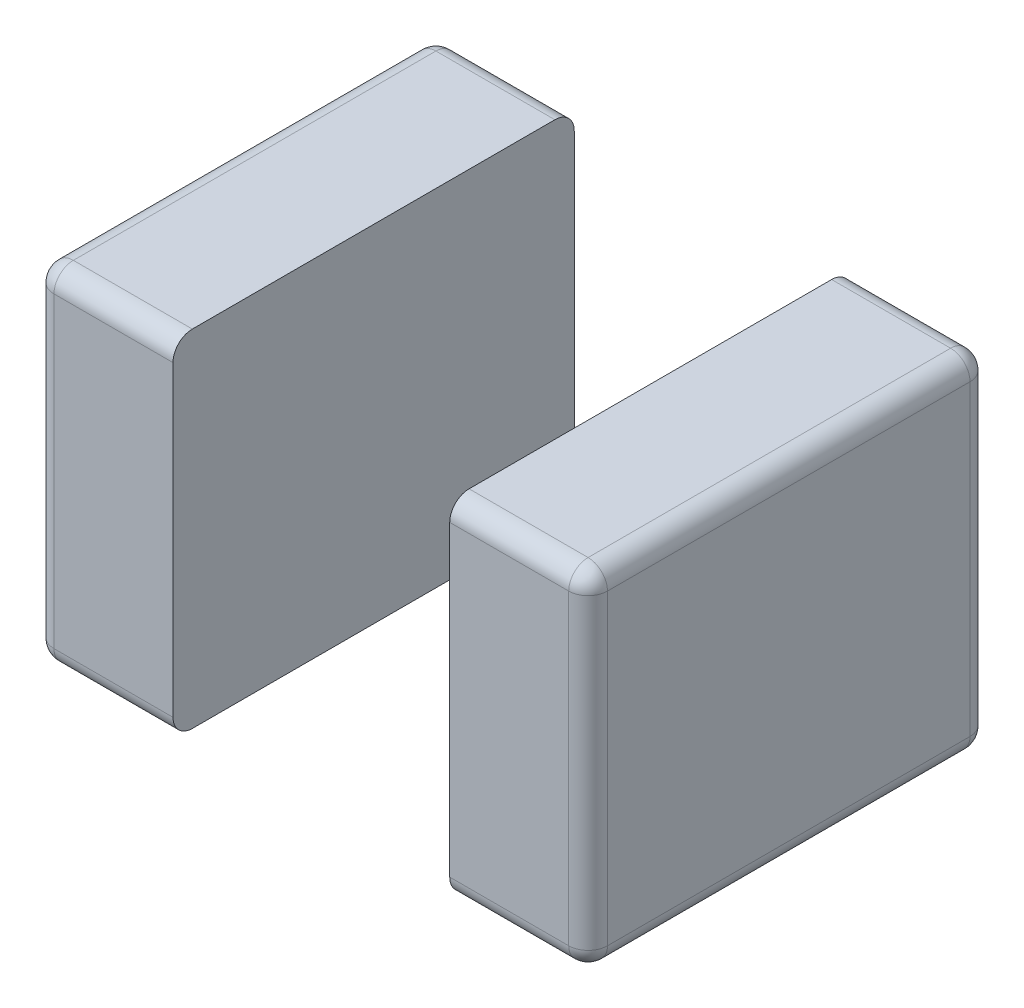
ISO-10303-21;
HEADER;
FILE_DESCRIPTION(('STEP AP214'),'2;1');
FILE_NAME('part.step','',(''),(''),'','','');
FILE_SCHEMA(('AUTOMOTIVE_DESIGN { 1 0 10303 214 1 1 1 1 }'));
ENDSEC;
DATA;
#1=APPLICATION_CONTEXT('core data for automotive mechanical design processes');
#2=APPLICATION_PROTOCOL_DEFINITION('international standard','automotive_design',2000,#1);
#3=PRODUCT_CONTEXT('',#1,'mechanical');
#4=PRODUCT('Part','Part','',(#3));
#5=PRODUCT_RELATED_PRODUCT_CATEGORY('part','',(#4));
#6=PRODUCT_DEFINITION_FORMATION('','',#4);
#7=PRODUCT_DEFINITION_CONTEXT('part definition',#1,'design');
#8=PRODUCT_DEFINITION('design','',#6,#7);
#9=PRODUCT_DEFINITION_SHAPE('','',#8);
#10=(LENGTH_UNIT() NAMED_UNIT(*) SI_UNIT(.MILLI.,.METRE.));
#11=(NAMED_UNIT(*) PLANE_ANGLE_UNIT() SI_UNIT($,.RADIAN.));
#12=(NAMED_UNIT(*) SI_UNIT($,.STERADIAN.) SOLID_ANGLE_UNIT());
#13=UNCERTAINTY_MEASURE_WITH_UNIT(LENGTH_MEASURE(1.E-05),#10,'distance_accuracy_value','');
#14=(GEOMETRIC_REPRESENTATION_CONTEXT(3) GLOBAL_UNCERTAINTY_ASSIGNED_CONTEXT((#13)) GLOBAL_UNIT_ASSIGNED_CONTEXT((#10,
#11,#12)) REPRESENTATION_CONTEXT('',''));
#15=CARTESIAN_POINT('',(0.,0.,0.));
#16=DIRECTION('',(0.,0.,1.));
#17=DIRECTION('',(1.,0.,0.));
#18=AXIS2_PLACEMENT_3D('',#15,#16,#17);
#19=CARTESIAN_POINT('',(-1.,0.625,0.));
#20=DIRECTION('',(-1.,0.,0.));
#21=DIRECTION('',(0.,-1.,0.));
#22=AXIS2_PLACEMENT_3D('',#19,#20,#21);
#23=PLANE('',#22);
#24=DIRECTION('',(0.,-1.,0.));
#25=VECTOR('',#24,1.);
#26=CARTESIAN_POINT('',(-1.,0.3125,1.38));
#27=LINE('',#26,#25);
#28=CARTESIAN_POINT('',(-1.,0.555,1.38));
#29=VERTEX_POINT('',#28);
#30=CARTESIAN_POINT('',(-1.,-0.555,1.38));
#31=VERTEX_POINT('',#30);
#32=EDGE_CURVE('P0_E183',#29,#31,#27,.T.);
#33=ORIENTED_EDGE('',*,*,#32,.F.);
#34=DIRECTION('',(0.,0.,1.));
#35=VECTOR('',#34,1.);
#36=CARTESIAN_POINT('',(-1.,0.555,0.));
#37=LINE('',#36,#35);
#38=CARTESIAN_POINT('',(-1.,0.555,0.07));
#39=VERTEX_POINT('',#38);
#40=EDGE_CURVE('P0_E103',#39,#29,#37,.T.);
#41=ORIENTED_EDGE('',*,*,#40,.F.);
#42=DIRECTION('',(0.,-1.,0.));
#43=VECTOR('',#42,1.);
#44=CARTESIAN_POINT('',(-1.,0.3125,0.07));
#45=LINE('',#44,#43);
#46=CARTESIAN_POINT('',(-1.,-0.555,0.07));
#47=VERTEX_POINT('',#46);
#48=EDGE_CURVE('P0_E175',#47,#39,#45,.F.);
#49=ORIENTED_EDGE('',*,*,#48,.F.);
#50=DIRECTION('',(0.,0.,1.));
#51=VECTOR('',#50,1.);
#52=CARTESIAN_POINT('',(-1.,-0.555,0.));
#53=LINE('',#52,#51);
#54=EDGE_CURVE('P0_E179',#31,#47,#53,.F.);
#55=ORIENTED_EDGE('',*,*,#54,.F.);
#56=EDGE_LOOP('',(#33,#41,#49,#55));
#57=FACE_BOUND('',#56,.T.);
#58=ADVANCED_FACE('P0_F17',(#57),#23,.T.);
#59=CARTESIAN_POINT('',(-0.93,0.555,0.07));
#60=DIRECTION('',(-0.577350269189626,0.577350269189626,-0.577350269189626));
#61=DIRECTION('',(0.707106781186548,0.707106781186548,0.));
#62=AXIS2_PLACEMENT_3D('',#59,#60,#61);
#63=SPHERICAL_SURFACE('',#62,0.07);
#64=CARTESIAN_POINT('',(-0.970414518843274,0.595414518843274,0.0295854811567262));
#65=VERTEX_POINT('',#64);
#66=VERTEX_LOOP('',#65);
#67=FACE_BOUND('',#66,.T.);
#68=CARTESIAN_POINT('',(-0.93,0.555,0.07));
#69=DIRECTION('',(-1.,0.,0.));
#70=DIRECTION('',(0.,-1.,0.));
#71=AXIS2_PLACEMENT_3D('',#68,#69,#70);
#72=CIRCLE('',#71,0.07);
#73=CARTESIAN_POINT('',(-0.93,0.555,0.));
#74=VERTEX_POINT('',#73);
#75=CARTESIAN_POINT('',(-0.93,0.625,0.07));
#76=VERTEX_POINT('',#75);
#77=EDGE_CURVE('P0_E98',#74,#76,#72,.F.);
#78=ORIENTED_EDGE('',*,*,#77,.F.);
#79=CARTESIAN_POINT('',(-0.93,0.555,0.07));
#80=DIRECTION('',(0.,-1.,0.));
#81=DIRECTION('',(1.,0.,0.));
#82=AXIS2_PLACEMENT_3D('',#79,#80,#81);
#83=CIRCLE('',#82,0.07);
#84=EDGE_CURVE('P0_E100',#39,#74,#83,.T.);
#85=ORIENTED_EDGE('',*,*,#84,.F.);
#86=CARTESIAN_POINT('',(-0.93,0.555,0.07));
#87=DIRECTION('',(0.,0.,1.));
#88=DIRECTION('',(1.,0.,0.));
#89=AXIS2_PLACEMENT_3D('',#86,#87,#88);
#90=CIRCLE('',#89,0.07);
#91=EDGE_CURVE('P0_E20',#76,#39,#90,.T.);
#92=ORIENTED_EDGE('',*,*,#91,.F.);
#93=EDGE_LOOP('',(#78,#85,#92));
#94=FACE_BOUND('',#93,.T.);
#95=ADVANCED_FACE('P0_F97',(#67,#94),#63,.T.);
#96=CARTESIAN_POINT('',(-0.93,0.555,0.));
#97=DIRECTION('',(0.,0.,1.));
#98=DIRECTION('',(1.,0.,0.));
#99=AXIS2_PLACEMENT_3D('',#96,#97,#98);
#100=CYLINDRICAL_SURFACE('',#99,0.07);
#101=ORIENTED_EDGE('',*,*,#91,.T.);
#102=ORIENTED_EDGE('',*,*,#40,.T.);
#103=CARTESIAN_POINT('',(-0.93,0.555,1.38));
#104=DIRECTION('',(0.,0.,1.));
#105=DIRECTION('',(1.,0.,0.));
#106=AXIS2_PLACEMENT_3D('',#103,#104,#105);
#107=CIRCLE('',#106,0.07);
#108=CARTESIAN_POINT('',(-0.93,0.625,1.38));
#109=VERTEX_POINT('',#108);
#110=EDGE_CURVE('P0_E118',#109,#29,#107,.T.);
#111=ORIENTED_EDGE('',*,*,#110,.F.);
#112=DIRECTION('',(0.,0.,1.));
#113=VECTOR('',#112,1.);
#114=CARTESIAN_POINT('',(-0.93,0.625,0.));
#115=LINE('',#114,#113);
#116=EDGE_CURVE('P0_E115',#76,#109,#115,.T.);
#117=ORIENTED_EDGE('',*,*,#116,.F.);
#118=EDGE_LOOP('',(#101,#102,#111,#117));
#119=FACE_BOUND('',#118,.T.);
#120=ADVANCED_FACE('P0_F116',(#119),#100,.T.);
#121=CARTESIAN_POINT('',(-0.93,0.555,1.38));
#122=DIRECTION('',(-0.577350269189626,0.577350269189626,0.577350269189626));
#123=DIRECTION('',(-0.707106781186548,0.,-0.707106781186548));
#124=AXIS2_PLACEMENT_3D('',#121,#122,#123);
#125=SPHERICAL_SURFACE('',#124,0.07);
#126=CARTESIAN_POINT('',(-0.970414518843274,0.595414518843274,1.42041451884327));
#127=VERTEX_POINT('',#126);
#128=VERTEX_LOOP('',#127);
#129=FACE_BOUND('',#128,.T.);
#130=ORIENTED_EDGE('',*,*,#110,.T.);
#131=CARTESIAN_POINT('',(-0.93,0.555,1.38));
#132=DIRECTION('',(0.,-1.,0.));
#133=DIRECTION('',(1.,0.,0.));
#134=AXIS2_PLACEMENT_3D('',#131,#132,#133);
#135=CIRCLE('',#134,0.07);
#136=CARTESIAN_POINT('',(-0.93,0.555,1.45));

────────────────

■ What you have to do ■
Please reproduce the lines from the line with "#12=(NAMED_UNIT(*) SI_UNIT($,.STERADIAN.) SOLID_ANGLE_UNIT());" to the line with "#11,#12)) REPRESENTATION_CONTEXT('',''));", both ends included, exactly as they appear above.

■ Reply ■
#12=(NAMED_UNIT(*) SI_UNIT($,.STERADIAN.) SOLID_ANGLE_UNIT());
#13=UNCERTAINTY_MEASURE_WITH_UNIT(LENGTH_MEASURE(1.E-05),#10,'distance_accuracy_value','');
#14=(GEOMETRIC_REPRESENTATION_CONTEXT(3) GLOBAL_UNCERTAINTY_ASSIGNED_CONTEXT((#13)) GLOBAL_UNIT_ASSIGNED_CONTEXT((#10,
#11,#12)) REPRESENTATION_CONTEXT('',''));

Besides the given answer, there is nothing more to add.